§ **Try it**
Transcribe exactly the lines from the first line of the records through the line containing "#35=VECTOR('',#34,1.);", and leave out every picture.

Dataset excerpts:
--- START ---
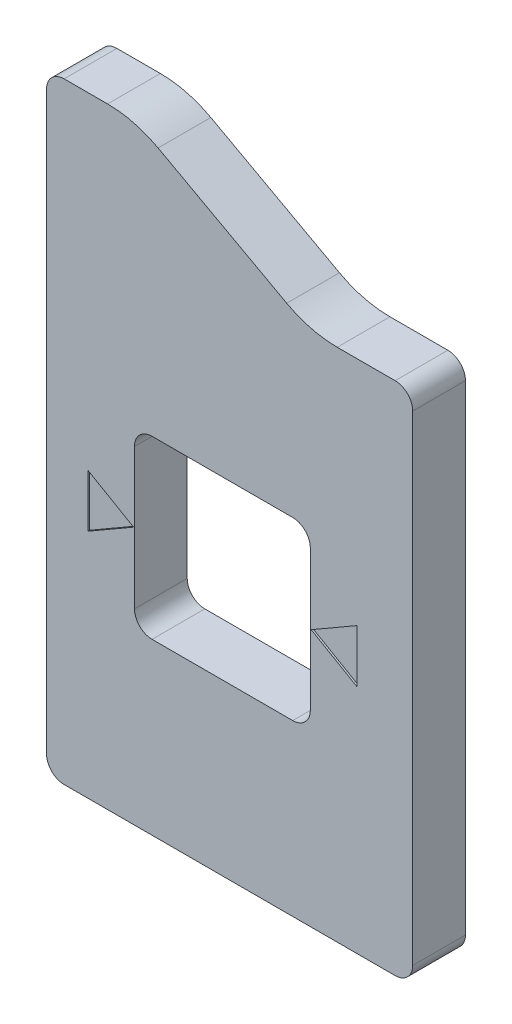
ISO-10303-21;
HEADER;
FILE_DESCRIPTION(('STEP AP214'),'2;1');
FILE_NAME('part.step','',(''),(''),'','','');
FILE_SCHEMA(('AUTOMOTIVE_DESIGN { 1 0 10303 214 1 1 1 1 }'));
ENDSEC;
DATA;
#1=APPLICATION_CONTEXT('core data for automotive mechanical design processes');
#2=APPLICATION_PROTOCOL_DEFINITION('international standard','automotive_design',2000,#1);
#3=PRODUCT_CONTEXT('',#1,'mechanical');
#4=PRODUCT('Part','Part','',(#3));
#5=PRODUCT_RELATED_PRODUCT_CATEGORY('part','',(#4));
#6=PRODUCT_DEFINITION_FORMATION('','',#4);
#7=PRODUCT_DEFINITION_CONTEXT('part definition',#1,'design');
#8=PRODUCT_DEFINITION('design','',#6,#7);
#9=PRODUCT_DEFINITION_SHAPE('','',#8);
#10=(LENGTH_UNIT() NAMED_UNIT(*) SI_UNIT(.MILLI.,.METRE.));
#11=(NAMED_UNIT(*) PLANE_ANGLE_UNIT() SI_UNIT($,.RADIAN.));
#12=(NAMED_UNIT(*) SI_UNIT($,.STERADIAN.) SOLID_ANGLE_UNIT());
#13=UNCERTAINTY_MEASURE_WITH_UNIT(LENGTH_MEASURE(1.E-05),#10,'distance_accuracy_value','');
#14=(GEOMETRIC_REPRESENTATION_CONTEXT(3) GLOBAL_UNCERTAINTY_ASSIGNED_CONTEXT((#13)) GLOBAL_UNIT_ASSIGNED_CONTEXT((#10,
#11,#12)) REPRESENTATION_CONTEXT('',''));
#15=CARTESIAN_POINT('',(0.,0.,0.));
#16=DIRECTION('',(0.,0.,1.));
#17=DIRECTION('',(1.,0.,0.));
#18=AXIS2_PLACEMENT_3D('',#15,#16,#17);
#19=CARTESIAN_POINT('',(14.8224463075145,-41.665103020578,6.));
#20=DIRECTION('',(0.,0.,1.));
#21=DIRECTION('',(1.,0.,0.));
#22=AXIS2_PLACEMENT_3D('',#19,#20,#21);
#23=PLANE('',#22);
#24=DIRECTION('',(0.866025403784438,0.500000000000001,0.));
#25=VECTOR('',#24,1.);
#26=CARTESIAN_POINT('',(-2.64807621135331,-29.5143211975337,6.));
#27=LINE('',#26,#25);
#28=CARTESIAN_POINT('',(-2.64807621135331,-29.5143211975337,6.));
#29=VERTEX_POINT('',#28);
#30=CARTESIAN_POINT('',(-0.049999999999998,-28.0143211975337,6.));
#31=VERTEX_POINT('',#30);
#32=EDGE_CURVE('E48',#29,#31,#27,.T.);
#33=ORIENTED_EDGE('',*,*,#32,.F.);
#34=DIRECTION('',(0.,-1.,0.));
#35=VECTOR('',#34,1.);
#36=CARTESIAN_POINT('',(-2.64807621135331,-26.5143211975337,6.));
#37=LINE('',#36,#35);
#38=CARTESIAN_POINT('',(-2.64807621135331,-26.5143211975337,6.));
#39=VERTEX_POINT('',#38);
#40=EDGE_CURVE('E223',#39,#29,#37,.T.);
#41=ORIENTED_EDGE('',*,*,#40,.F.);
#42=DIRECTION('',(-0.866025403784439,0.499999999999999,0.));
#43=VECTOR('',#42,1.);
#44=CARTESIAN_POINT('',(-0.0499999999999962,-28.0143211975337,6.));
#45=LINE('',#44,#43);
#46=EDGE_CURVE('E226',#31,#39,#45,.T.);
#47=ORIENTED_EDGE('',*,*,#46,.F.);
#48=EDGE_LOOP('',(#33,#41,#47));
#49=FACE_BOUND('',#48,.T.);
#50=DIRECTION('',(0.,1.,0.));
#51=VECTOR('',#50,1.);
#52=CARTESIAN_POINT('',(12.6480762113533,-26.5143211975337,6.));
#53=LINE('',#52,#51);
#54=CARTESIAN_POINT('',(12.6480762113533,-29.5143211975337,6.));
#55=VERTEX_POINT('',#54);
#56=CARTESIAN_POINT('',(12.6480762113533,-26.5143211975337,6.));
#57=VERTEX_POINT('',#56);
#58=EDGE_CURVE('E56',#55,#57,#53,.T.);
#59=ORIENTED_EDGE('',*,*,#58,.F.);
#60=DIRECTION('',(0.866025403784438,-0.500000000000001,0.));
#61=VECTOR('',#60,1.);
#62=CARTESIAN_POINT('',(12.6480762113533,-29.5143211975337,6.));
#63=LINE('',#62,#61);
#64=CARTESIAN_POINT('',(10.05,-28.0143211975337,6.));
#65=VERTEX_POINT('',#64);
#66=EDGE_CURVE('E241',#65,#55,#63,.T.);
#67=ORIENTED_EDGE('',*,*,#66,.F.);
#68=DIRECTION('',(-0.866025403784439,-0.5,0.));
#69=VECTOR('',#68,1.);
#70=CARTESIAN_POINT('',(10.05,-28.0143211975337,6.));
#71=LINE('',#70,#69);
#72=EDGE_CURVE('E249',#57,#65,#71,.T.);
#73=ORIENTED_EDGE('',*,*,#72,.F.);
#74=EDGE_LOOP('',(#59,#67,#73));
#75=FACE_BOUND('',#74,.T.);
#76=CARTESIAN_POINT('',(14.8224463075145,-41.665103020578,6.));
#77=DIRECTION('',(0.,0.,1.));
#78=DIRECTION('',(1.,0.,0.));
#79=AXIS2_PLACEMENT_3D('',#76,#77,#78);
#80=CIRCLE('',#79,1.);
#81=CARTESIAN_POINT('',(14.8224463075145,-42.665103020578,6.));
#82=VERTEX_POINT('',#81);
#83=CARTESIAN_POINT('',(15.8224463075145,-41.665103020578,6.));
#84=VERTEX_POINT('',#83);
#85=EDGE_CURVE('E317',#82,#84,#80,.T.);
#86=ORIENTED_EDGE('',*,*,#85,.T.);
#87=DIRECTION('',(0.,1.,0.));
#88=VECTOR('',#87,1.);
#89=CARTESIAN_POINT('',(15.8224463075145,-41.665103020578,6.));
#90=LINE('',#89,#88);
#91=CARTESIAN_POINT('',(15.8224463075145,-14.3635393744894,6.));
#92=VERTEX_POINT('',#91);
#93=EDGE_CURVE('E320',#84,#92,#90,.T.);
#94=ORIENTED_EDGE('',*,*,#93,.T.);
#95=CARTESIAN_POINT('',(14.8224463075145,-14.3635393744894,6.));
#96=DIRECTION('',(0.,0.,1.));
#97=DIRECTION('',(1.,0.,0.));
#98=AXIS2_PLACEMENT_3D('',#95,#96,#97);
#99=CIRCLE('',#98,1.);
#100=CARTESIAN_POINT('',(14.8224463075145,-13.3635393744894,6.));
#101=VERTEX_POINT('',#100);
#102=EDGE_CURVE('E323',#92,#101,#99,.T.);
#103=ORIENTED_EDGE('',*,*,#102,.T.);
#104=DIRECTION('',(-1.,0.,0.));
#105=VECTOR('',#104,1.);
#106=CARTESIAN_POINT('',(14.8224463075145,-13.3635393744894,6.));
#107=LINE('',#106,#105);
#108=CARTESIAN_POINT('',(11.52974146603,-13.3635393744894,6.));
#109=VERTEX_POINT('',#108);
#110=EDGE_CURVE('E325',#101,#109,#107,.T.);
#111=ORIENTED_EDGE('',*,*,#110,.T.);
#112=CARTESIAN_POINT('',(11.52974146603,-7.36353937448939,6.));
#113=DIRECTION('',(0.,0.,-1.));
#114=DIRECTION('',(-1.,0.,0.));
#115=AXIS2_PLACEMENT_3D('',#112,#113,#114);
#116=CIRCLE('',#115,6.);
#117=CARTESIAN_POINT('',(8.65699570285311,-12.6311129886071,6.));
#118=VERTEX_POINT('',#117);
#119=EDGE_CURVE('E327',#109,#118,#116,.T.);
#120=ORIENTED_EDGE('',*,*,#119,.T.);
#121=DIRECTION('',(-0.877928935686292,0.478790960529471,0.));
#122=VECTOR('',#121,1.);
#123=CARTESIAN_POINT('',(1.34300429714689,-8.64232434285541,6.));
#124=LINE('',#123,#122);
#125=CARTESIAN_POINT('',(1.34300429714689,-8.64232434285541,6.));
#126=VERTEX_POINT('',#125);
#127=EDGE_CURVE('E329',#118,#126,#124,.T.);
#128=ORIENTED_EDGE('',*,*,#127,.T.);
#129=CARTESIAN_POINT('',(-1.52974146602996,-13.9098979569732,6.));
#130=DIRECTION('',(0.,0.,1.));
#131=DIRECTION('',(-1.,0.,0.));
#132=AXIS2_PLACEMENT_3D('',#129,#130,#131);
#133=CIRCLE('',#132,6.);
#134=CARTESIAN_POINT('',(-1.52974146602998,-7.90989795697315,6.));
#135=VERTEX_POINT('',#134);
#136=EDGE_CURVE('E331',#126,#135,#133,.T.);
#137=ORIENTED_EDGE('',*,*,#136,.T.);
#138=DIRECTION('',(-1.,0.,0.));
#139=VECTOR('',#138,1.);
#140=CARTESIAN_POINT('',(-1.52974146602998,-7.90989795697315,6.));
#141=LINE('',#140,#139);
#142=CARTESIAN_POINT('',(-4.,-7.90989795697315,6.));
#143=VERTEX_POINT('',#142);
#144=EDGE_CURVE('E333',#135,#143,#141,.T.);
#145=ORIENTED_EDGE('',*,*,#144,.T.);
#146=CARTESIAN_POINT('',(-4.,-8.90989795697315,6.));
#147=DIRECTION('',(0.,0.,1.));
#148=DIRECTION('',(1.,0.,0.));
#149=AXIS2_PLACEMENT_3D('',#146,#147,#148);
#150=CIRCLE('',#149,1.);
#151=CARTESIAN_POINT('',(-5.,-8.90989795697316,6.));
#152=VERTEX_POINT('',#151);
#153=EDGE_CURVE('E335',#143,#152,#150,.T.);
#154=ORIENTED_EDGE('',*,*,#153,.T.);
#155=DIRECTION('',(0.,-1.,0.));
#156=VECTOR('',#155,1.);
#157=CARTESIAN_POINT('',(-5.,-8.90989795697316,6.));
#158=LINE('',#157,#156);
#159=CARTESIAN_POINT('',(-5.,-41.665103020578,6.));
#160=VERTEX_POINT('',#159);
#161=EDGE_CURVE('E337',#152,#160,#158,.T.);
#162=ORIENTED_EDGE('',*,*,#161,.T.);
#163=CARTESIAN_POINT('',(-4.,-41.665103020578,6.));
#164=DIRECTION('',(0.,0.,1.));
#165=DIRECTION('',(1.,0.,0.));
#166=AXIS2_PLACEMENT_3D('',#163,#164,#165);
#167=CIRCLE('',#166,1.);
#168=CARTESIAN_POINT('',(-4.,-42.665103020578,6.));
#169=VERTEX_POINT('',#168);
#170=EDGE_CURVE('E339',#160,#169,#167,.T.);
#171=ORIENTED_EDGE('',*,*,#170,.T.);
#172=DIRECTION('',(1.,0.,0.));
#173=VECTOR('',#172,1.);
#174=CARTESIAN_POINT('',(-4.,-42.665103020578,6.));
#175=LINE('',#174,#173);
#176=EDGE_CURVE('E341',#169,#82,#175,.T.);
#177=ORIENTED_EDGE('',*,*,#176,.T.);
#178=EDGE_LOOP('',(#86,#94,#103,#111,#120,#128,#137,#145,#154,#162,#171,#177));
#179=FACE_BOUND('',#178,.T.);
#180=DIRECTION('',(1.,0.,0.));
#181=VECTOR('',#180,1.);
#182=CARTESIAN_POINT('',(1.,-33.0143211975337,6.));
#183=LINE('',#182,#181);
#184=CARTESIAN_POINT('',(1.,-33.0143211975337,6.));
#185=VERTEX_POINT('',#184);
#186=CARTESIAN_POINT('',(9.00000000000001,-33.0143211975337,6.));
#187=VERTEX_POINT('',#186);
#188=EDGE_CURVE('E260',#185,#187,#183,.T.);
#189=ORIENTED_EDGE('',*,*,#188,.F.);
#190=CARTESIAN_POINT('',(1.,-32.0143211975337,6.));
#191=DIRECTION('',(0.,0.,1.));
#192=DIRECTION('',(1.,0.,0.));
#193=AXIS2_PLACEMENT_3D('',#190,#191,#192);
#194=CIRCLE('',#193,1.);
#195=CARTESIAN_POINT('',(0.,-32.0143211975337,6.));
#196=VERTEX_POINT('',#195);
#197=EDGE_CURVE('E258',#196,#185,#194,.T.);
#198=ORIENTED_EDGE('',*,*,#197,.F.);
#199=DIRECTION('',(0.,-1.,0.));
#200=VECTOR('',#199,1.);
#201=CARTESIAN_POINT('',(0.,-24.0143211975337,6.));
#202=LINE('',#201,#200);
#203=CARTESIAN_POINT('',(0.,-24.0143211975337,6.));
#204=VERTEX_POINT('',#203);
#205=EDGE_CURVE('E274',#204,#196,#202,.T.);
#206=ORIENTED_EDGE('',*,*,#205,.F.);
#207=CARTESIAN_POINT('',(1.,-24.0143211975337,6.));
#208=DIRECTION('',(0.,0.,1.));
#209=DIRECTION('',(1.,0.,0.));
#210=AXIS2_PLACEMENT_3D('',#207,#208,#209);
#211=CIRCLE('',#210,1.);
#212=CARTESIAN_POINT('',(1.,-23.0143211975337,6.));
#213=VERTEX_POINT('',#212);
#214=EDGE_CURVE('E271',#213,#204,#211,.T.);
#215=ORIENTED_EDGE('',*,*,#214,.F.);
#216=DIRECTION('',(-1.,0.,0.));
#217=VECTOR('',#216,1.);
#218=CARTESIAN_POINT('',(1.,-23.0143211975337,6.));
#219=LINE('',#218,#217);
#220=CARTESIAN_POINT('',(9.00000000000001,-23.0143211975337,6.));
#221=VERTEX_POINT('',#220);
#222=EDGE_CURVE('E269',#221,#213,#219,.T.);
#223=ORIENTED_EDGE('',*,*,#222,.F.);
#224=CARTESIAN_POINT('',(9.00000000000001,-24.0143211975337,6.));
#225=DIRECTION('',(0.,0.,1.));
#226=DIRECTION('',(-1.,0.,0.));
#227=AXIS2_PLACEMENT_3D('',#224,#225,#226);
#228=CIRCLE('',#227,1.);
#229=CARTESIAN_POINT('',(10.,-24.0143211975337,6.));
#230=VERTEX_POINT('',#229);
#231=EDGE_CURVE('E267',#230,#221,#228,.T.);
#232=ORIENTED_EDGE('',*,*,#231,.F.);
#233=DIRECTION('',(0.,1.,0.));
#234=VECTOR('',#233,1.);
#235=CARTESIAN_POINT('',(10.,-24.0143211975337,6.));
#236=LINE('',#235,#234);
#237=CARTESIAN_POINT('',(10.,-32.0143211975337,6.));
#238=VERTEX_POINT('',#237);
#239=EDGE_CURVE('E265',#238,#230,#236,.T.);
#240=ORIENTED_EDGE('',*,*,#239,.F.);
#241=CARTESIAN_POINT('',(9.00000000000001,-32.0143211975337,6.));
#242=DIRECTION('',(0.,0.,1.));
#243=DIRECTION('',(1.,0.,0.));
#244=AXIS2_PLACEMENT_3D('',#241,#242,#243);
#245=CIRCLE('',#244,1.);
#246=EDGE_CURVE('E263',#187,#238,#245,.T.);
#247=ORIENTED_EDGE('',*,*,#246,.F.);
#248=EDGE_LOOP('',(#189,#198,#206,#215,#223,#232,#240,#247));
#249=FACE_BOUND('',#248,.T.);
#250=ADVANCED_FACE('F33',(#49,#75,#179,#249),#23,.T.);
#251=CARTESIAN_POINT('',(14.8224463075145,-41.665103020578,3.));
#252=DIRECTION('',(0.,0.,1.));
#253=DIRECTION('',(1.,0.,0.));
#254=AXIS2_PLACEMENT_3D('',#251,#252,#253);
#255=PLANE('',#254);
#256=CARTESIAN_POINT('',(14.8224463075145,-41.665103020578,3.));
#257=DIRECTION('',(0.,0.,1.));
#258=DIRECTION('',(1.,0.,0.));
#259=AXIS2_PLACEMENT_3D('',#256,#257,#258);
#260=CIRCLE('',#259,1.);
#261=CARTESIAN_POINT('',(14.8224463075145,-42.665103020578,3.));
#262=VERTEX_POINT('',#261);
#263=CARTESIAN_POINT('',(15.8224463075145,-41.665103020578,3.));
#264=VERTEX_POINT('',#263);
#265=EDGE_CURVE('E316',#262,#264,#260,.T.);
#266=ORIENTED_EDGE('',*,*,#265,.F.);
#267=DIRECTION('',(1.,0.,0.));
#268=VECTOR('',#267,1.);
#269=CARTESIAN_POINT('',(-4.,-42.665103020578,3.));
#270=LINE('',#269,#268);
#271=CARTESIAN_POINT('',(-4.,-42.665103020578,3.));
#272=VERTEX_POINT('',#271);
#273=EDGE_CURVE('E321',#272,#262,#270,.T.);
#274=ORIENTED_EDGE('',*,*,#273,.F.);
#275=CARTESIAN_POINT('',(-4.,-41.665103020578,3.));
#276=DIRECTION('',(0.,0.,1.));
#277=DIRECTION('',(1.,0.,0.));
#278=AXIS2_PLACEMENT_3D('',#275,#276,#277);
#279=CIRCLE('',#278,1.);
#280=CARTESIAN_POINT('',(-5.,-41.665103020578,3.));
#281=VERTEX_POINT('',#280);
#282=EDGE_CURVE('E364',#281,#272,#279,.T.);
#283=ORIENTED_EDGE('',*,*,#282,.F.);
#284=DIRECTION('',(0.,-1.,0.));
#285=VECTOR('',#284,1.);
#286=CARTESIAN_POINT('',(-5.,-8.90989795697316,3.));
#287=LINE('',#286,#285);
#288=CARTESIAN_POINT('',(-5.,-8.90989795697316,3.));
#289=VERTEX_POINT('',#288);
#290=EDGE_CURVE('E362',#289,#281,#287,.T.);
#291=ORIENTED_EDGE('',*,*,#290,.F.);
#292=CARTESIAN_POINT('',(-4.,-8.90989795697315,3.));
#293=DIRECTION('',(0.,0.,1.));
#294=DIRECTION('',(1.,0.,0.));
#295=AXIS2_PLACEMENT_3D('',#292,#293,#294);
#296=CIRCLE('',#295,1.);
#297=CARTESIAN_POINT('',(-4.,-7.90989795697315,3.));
--- END ---
§ **Expected output**
ISO-10303-21;
HEADER;
FILE_DESCRIPTION(('STEP AP214'),'2;1');
FILE_NAME('part.step','',(''),(''),'','','');
FILE_SCHEMA(('AUTOMOTIVE_DESIGN { 1 0 10303 214 1 1 1 1 }'));
ENDSEC;
DATA;
#1=APPLICATION_CONTEXT('core data for automotive mechanical design processes');
#2=APPLICATION_PROTOCOL_DEFINITION('international standard','automotive_design',2000,#1);
#3=PRODUCT_CONTEXT('',#1,'mechanical');
#4=PRODUCT('Part','Part','',(#3));
#5=PRODUCT_RELATED_PRODUCT_CATEGORY('part','',(#4));
#6=PRODUCT_DEFINITION_FORMATION('','',#4);
#7=PRODUCT_DEFINITION_CONTEXT('part definition',#1,'design');
#8=PRODUCT_DEFINITION('design','',#6,#7);
#9=PRODUCT_DEFINITION_SHAPE('','',#8);
#10=(LENGTH_UNIT() NAMED_UNIT(*) SI_UNIT(.MILLI.,.METRE.));
#11=(NAMED_UNIT(*) PLANE_ANGLE_UNIT() SI_UNIT($,.RADIAN.));
#12=(NAMED_UNIT(*) SI_UNIT($,.STERADIAN.) SOLID_ANGLE_UNIT());
#13=UNCERTAINTY_MEASURE_WITH_UNIT(LENGTH_MEASURE(1.E-05),#10,'distance_accuracy_value','');
#14=(GEOMETRIC_REPRESENTATION_CONTEXT(3) GLOBAL_UNCERTAINTY_ASSIGNED_CONTEXT((#13)) GLOBAL_UNIT_ASSIGNED_CONTEXT((#10,
#11,#12)) REPRESENTATION_CONTEXT('',''));
#15=CARTESIAN_POINT('',(0.,0.,0.));
#16=DIRECTION('',(0.,0.,1.));
#17=DIRECTION('',(1.,0.,0.));
#18=AXIS2_PLACEMENT_3D('',#15,#16,#17);
#19=CARTESIAN_POINT('',(14.8224463075145,-41.665103020578,6.));
#20=DIRECTION('',(0.,0.,1.));
#21=DIRECTION('',(1.,0.,0.));
#22=AXIS2_PLACEMENT_3D('',#19,#20,#21);
#23=PLANE('',#22);
#24=DIRECTION('',(0.866025403784438,0.500000000000001,0.));
#25=VECTOR('',#24,1.);
#26=CARTESIAN_POINT('',(-2.64807621135331,-29.5143211975337,6.));
#27=LINE('',#26,#25);
#28=CARTESIAN_POINT('',(-2.64807621135331,-29.5143211975337,6.));
#29=VERTEX_POINT('',#28);
#30=CARTESIAN_POINT('',(-0.049999999999998,-28.0143211975337,6.));
#31=VERTEX_POINT('',#30);
#32=EDGE_CURVE('E48',#29,#31,#27,.T.);
#33=ORIENTED_EDGE('',*,*,#32,.F.);
#34=DIRECTION('',(0.,-1.,0.));
#35=VECTOR('',#34,1.);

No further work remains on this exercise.